Lo que no se puede esconder

Lo que no se puede esconder

EL FARO 

A mediados del siglo pasado, muy poco después de la conclusión de la Segunda Guerra Mundial, un periodista norteamericano se hizo la pregunta sobre cómo había llegado el pueblo alemán al apoyo del nazismo. Parecía increíble que la nación, probablemente, más culta del mundo occidental hubiera encubierto y asumido una ideología que llegó hasta la guerra. Este fenómeno, hasta la fecha actual, no está definitivamente explicado. 

Milton Mayer, periodista norteamericano, propuso a dos de los fundadores de la Escuela de Frankfurt, Max Horheimer y Theodor Adorno, un protocolo de estudio con alemanes sobrevivientes de la época nazi para intentar entender cuáles fueron los resortes que se dispararon en la Alemania posterior al Tratado de Versalles. Los resultados de sus entrevistas y las conclusiones a las que llegó se pueden consultar en su libro Creían que eran libres. Los alemanes, 1933-1945.

El autor de este escrito intenta dar una serie de razones contextuales, idiosincráticas, históricas y culturales que pudieran justificar los motivos por los que los alemanes nunca se dieron cuenta o miraron para otra parte respecto al problema de los judíos. Ni Adorno ni Horkheimer quedaron muy satisfechos de los resultados. Pero aun así, Milton publicó su trabajo y defendió sus resultados. 

Por alguna extraña razón, me pareció encontrar alguna similitud entre esa realidad misteriosa respecto a los alemanes y lo acontecido la semana pasada en Culiacán. Como ya se ha mencionado más arriba en este escrito, las principales razones que Milton expone en su escrito son sociológicas, es decir, le corresponden a una determinada sociedad con un contexto histórico bien claro. En el caso del análisis que se hace en México sobre el problema de la delincuencia organizada, prescindiendo del nombre concreto y de la organización de ésta, se aducen razones de seguridad, de economía, de estructura, pero casi no se menciona una raíz social del problema. 

Lo sucedido en Culiacán puede ilustrar, en parte, lo que pasa en la República entera. La sociedad, como masa genérica, relativamente organizada, guarda silencio. Lo hace o porque conoce a quienes participan activamente en el crimen organizado o porque sufren un temor que los paraliza. La única solución es mirar para otro lado con la esperanza de que la violencia no me toque ni a mí ni a mi familia. El silencio, entonces, o es encubridor o es miedoso.
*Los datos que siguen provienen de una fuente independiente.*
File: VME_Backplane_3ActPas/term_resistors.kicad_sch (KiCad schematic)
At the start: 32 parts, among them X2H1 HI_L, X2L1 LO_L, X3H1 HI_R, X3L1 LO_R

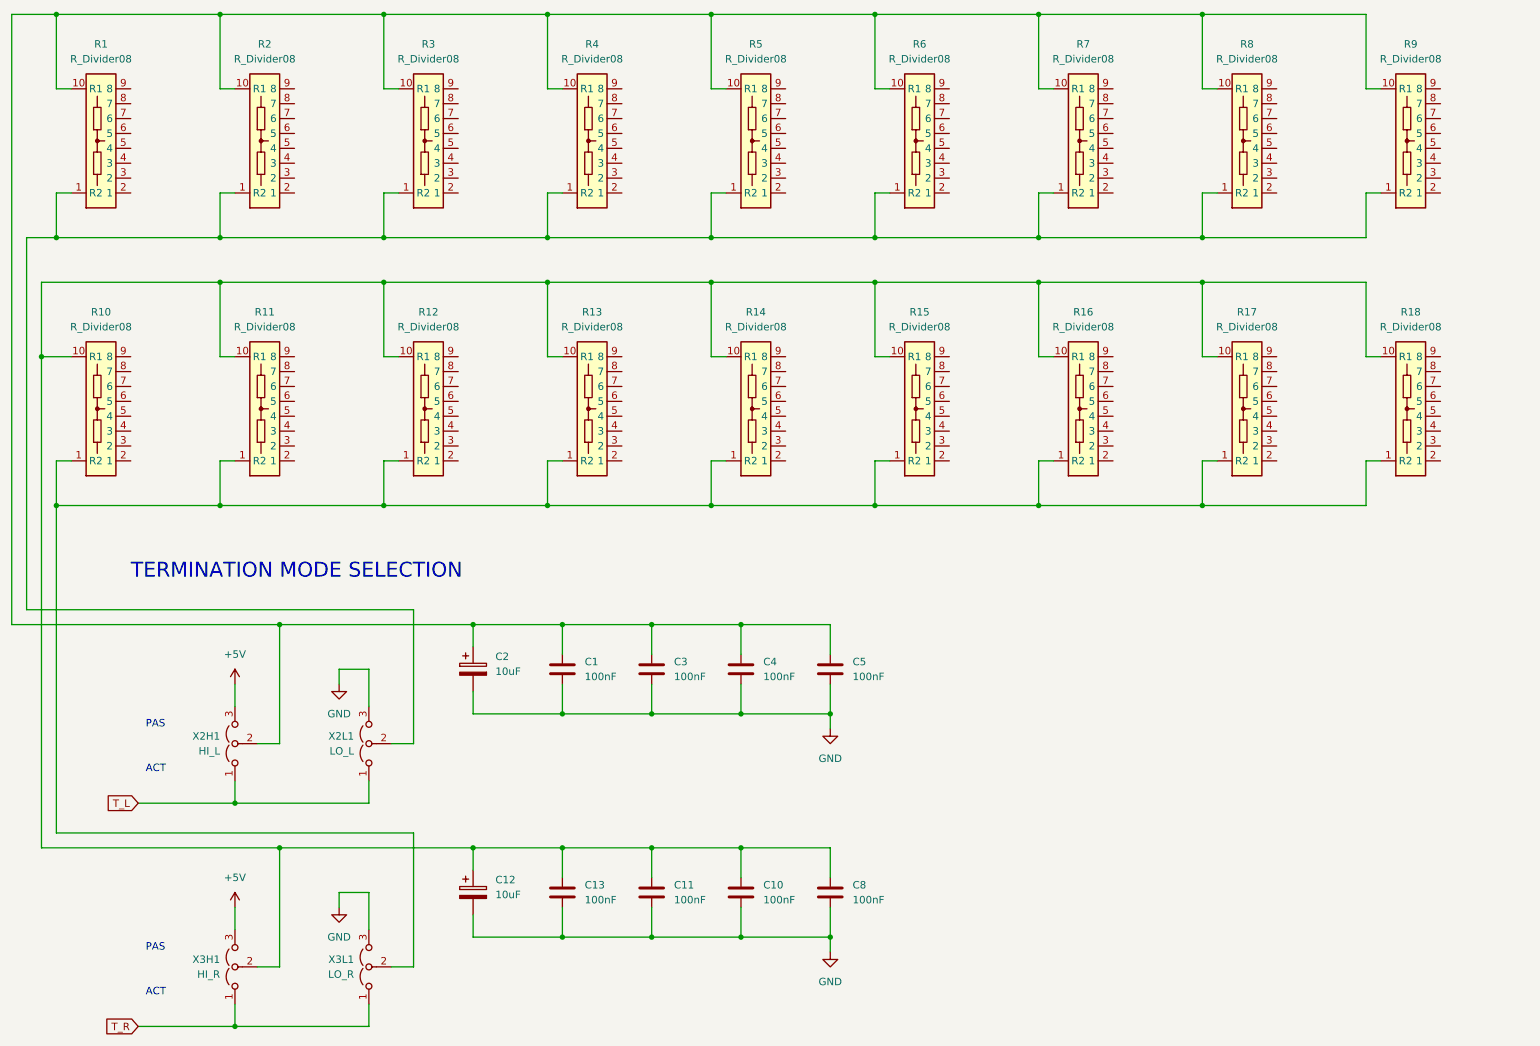
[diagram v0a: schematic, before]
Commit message: Add some kind of filter (?) network for certain critical signals
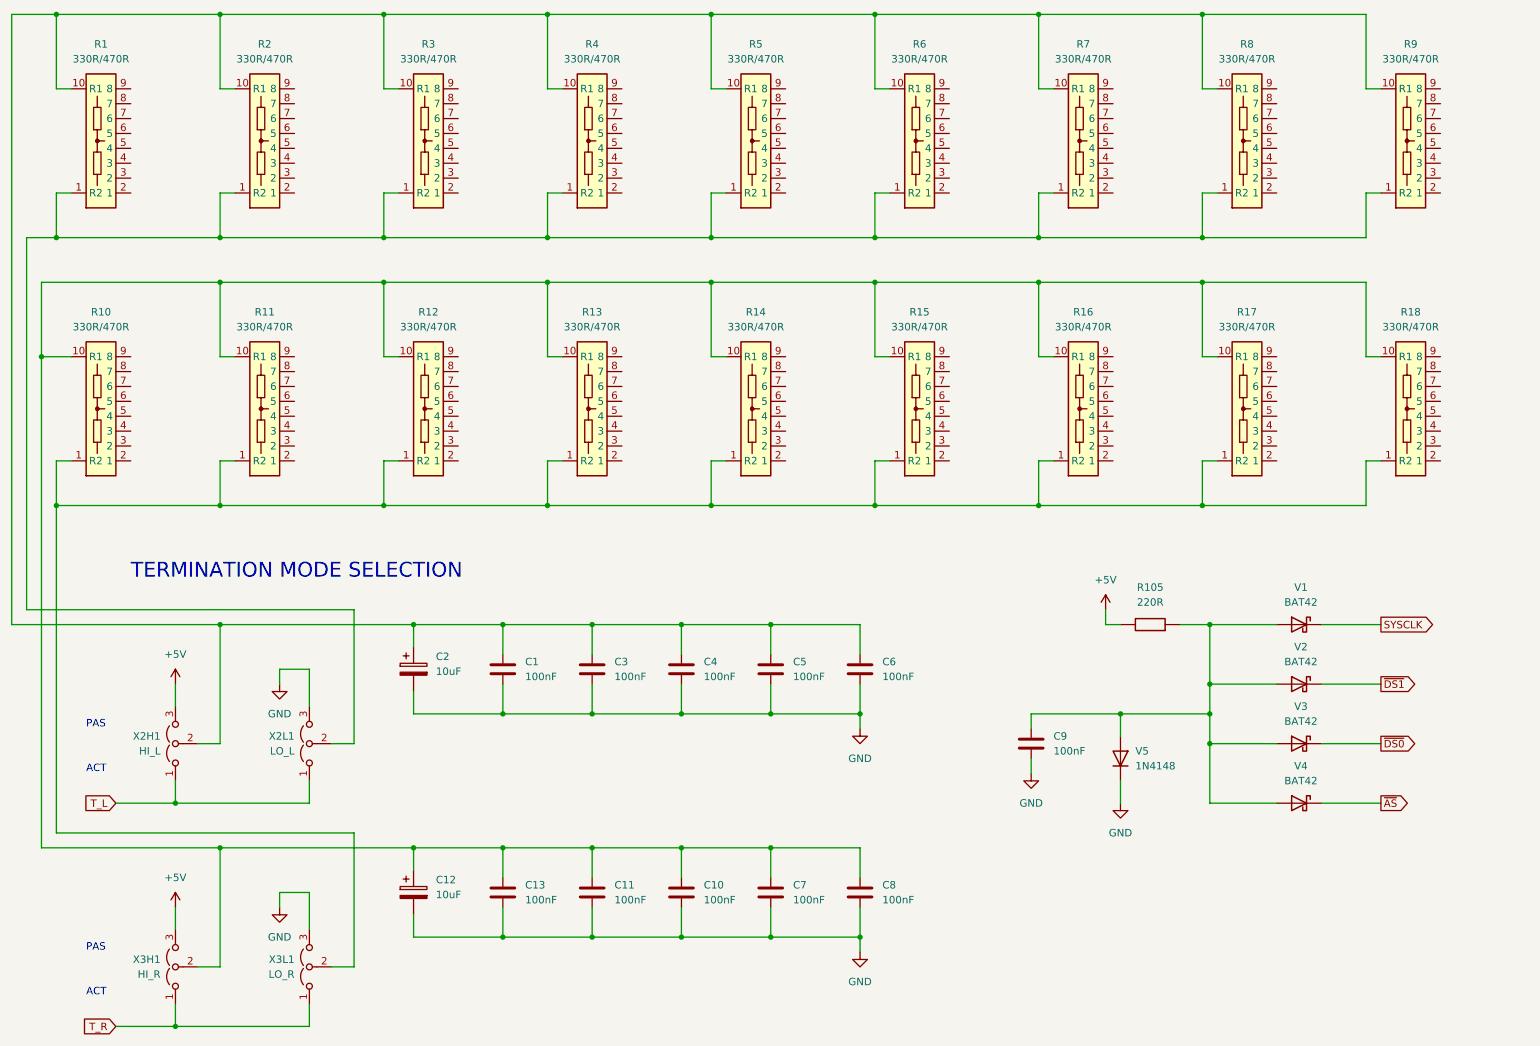
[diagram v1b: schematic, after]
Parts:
- added C6, C7, C9: 100nF, Capacitor_THT:C_Disc_D4.3mm_W1.9mm_P5.00mm, symbol COMET symbols:C
- added R105: 220R, Resistor_THT:R_Axial_DIN0207_L6.3mm_D2.5mm_P10.16mm_Horizontal, symbol COMET symbols:R
- added V1, V2, V3, V4: BAT42, Diode_THT:D_DO-35_SOD27_P10.16mm_Horizontal, symbol Diode:BAT42
- added V5: 1N4148, Diode_THT:D_DO-35_SOD27_P10.16mm_Horizontal, symbol Diode:1N4148
- R1, R10, R11, R12, R13, R14, R15, R16, R17, R18, R2, R3, R4, R5, R6, R7, R8, R9: value R_Divider08 -> 330R/470R
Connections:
- net +5V: now also R105.1
- net GND: now also C6.2, C7.2, C9.2, V5.1 (K)
- net T_L: now also X2H1.1 (A)
- net at C10.1, C11.1, C12.1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: now also C7.1
- net at C1.1, C2.1, C3.1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: now also C6.1
- new net: C9.1, R105.2, V1.2 (A), V2.2 (A), V3.2 (A), V4.2 (A), V5.2 (A)
- new net SYSCLK: V1.1 (K)
- new net ~{AS}: V4.1 (K)
- new net ~{DS0}: V3.1 (K)
- new net ~{DS1}: V2.1 (K)
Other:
- moved on the sheet: C1, C10, C11, C12, C13, C2, C3, C4, C5, C8, X2H1, X2L1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

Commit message: Assign signals to termination resistors
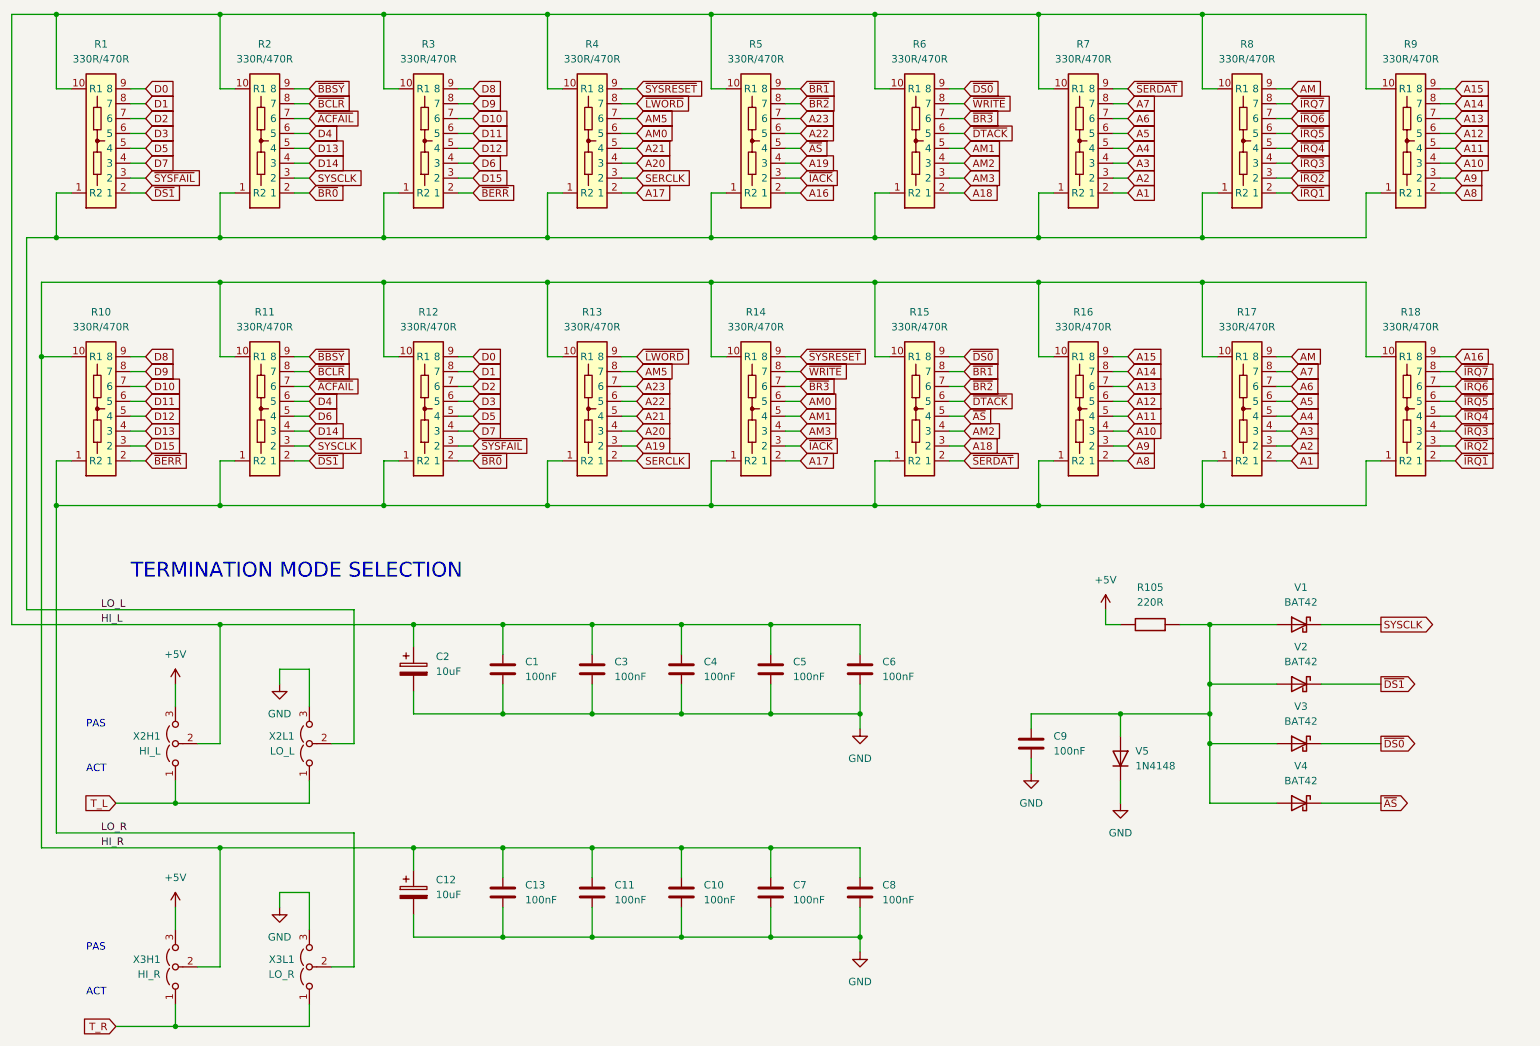
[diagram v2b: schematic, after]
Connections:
- net SYSCLK: now also R11.3 (2), R2.3 (2)
- net ~{AS}: now also R15.5 (4), R5.5 (4)
- net ~{DS0}: now also R15.9 (8), R6.9 (8)
- net ~{DS1}: now also R1.2 (1), R11.2 (1)
- net LO_R: now reaches R10.1 (R2), R11.1 (R2), R12.1 (R2), R13.1 (R2), R14.1 (R2), R15.1 (R2), R16.1 (R2), R17.1 (R2), R18.1 (R2), X3L1.2 (C)
- net HI_R: now reaches C10.1, C11.1, C12.1, C13.1, C7.1, C8.1, R10.10 (R1), R11.10 (R1), R12.10 (R1), R13.10 (R1), R14.10 (R1), R15.10 (R1), R16.10 (R1), R17.10 (R1), R18.10 (R1), X3H1.2 (C)
- net A17: now reaches R14.2 (1)
- net A17: now also R4.2 (1)
- net ~{IACK}: now reaches R14.3 (2)
- net ~{IACK}: now also R5.3 (2)
- net AM3: now reaches R14.4 (3)
- net AM3: now also R6.3 (2)
- net AM1: now reaches R14.5 (4)
- net AM1: now also R6.5 (4)
- net AM0: now reaches R14.6 (5)
- net AM0: now also R4.6 (5)
- net ~{BR3}: now reaches R14.7 (6)
- net ~{BR3}: now also R6.7 (6)
- net ~{WRITE}: now reaches R14.8 (7)
- net ~{WRITE}: now also R6.8 (7)
- net ~{SYSRESET}: now reaches R14.9 (8)
- net ~{SYSRESET}: now also R4.9 (8)
- net ~{IRQ1}: now reaches R18.2 (1)
- net ~{IRQ1}: now also R8.2 (1)
- net ~{IRQ2}: now reaches R18.3 (2)
- net ~{IRQ2}: now also R8.3 (2)
- net ~{IRQ3}: now reaches R18.4 (3)
- net ~{IRQ3}: now also R8.4 (3)
- net ~{IRQ4}: now reaches R18.5 (4)
- net ~{IRQ4}: now also R8.5 (4)
- net ~{IRQ5}: now reaches R18.6 (5)
- net ~{IRQ5}: now also R8.6 (5)
- net ~{IRQ6}: now reaches R18.7 (6)
- net ~{IRQ6}: now also R8.7 (6)
- net ~{IRQ7}: now reaches R18.8 (7)
- net ~{IRQ7}: now also R8.8 (7)
- net A16: now reaches R18.9 (8)
- net A16: now also R5.2 (1)
- net ~{BR0}: now reaches R12.2 (1)
- net ~{BR0}: now also R2.2 (1)
- net ~{SYSFAIL}: now reaches R12.3 (2)
- net ~{SYSFAIL}: now also R1.3 (2)
- net D7: now reaches R12.4 (3)
- net D7: now also R1.4 (3)
- net D5: now reaches R12.5 (4)
- net D5: now also R1.5 (4)
- net D3: now reaches R12.6 (5)
- net D3: now also R1.6 (5)
- net D2: now reaches R12.7 (6)
- net D2: now also R1.7 (6)
- net D1: now reaches R12.8 (7)
- net D1: now also R1.8 (7)
- net D0: now reaches R12.9 (8)
- net D0: now also R1.9 (8)
- net LO_L: now reaches R1.1 (R2), R2.1 (R2), R3.1 (R2), R4.1 (R2), R5.1 (R2), R6.1 (R2), R7.1 (R2), R8.1 (R2), R9.1 (R2), X2L1.2 (C)
- net HI_L: now reaches C1.1, C2.1, C3.1, C4.1, C5.1, C6.1, R1.10 (R1), R2.10 (R1), R3.10 (R1), R4.10 (R1), R5.10 (R1), R6.10 (R1), R7.10 (R1), R8.10 (R1), R9.10 (R1), X2H1.2 (C)
- net ~{BERR}: now reaches R3.2 (1)
- net ~{BERR}: now also R10.2 (1)
- net D15: now reaches R3.3 (2)
- net D15: now also R10.3 (2)
- net D6: now reaches R3.4 (3)
- net D6: now also R11.5 (4)
- net D12: now reaches R3.5 (4)
- net D12: now also R10.5 (4)
- net D11: now reaches R3.6 (5)
- net D11: now also R10.6 (5)
- net D10: now reaches R3.7 (6)
- net D10: now also R10.7 (6)
- net D9: now reaches R3.8 (7)
- net D9: now also R10.8 (7)
- net D8: now reaches R3.9 (8)
- net D8: now also R10.9 (8)
- net A19: now reaches R5.4 (3)
- net A19: now also R13.3 (2)
- net A22: now reaches R5.6 (5)
- net A22: now also R13.6 (5)
- net A23: now reaches R5.7 (6)
- net A23: now also R13.7 (6)
- net ~{BR2}: now reaches R5.8 (7)
- net ~{BR2}: now also R15.7 (6)
- net ~{BR1}: now reaches R5.9 (8)
- net ~{BR1}: now also R15.8 (7)
- net A8: now reaches R16.2 (1)
- net A8: now also R9.2 (1)
- net A9: now reaches R16.3 (2)
- net A9: now also R9.3 (2)
- net A10: now reaches R16.4 (3)
- net A10: now also R9.4 (3)
- net A11: now reaches R16.5 (4)
- net A11: now also R9.5 (4)
- net A12: now reaches R16.6 (5)
- net A12: now also R9.6 (5)
- net A13: now reaches R16.7 (6)
- net A13: now also R9.7 (6)
- net A14: now reaches R16.8 (7)
- net A14: now also R9.8 (7)
- net A15: now reaches R16.9 (8)
- net A15: now also R9.9 (8)
- net SERCLK: now reaches R4.3 (2)
- net SERCLK: now also R13.2 (1)
- net A20: now reaches R4.4 (3)
- net A20: now also R13.4 (3)
- net A21: now reaches R4.5 (4)
- net A21: now also R13.5 (4)
- net AM5: now reaches R4.7 (6)
- net AM5: now also R13.8 (7)
- net ~{LWORD}: now reaches R4.8 (7)
- net ~{LWORD}: now also R13.9 (8)
- net A18: now reaches R6.2 (1)
- net A18: now also R15.3 (2)
- net AM2: now reaches R6.4 (3)
- net AM2: now also R15.4 (3)
- net ~{DTACK}: now reaches R6.6 (5)
- net ~{DTACK}: now also R15.6 (5)
- net ~{SERDAT}: now reaches R15.2 (1)
- net ~{SERDAT}: now also R7.9 (8)
- net A1: now reaches R17.2 (1)
- net A1: now also R7.2 (1)
- net A2: now reaches R17.3 (2)
- net A2: now also R7.3 (2)
- net A3: now reaches R17.4 (3)
- net A3: now also R7.4 (3)
- net A4: now reaches R17.5 (4)
- net A4: now also R7.5 (4)
- net A5: now reaches R17.6 (5)
- net A5: now also R7.6 (5)
- net A6: now reaches R17.7 (6)
- net A6: now also R7.7 (6)
- net A7: now reaches R17.8 (7)
- net A7: now also R7.8 (7)
- net AM: now reaches R17.9 (8)
- net AM: now also R8.9 (8)
- net D13: now reaches R10.4 (3)
- net D13: now also R2.5 (4)
- net D14: now reaches R11.4 (3)
- net D14: now also R2.4 (3)
- net D4: now reaches R11.6 (5)
- net D4: now also R2.6 (5)
- net ~{ACFAIL}: now reaches R11.7 (6)
- net ~{ACFAIL}: now also R2.7 (6)
- net ~{BCLR}: now reaches R11.8 (7)
- net ~{BCLR}: now also R2.8 (7)
- net ~{BBSY}: now reaches R11.9 (8)
- net ~{BBSY}: now also R2.9 (8)

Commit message: Add/update revision information in schematics and PCB
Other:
- company: (C) TOM STOREY -> TOM STOREY
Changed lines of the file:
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@@
   (title_block
     (title "TERMINATION RESISTORS")
-    (date "2024-01-02")
+    (date "2024-01-03")
     (rev "1")
-    (company "(C) TOM STOREY")
+    (company "TOM STOREY")
     (comment 1 "FREE FOR NON-COMMERCIAL USE")
   )

Sin embargo, cuando un operativo rompe este delicado equilibrio, puede concluirse que de manera resumida es el crimen organizado quien realmente tiene el control y que cuando necesita sacrificar algo o a alguien, no le tiembla el pulso con tal de ser fiel a quien controla su organización. Si esto es así, no se justificaría el silencio de ninguno de los dos tipos. Perteneciendo al crimen organizado o siendo un ciudadano sin más queda supeditado a los intereses del líder de turno. 

De la sociedad surgen los integrantes del crimen organizado. Ellas los educa, los conoce y termina temiéndoles. La sociedad es quien se queda callada por miedo. Sea en uno o en otro caso, el principio y el fin de la violencia reside en la sociedad. Uno de los cambios que se tienen que dar en un proceso de pacificación, además de los económicos, estructurales, de seguridad…, es la posición de la sociedad, como masa genérica, ante el propio fenómeno de la violencia. Ya son muchos años sufriendo miedo y muerte en nuestro país como para que nadie diga que cualquier estrategia pacificadora no puede ser funcional sin la participación de la ciudadanía.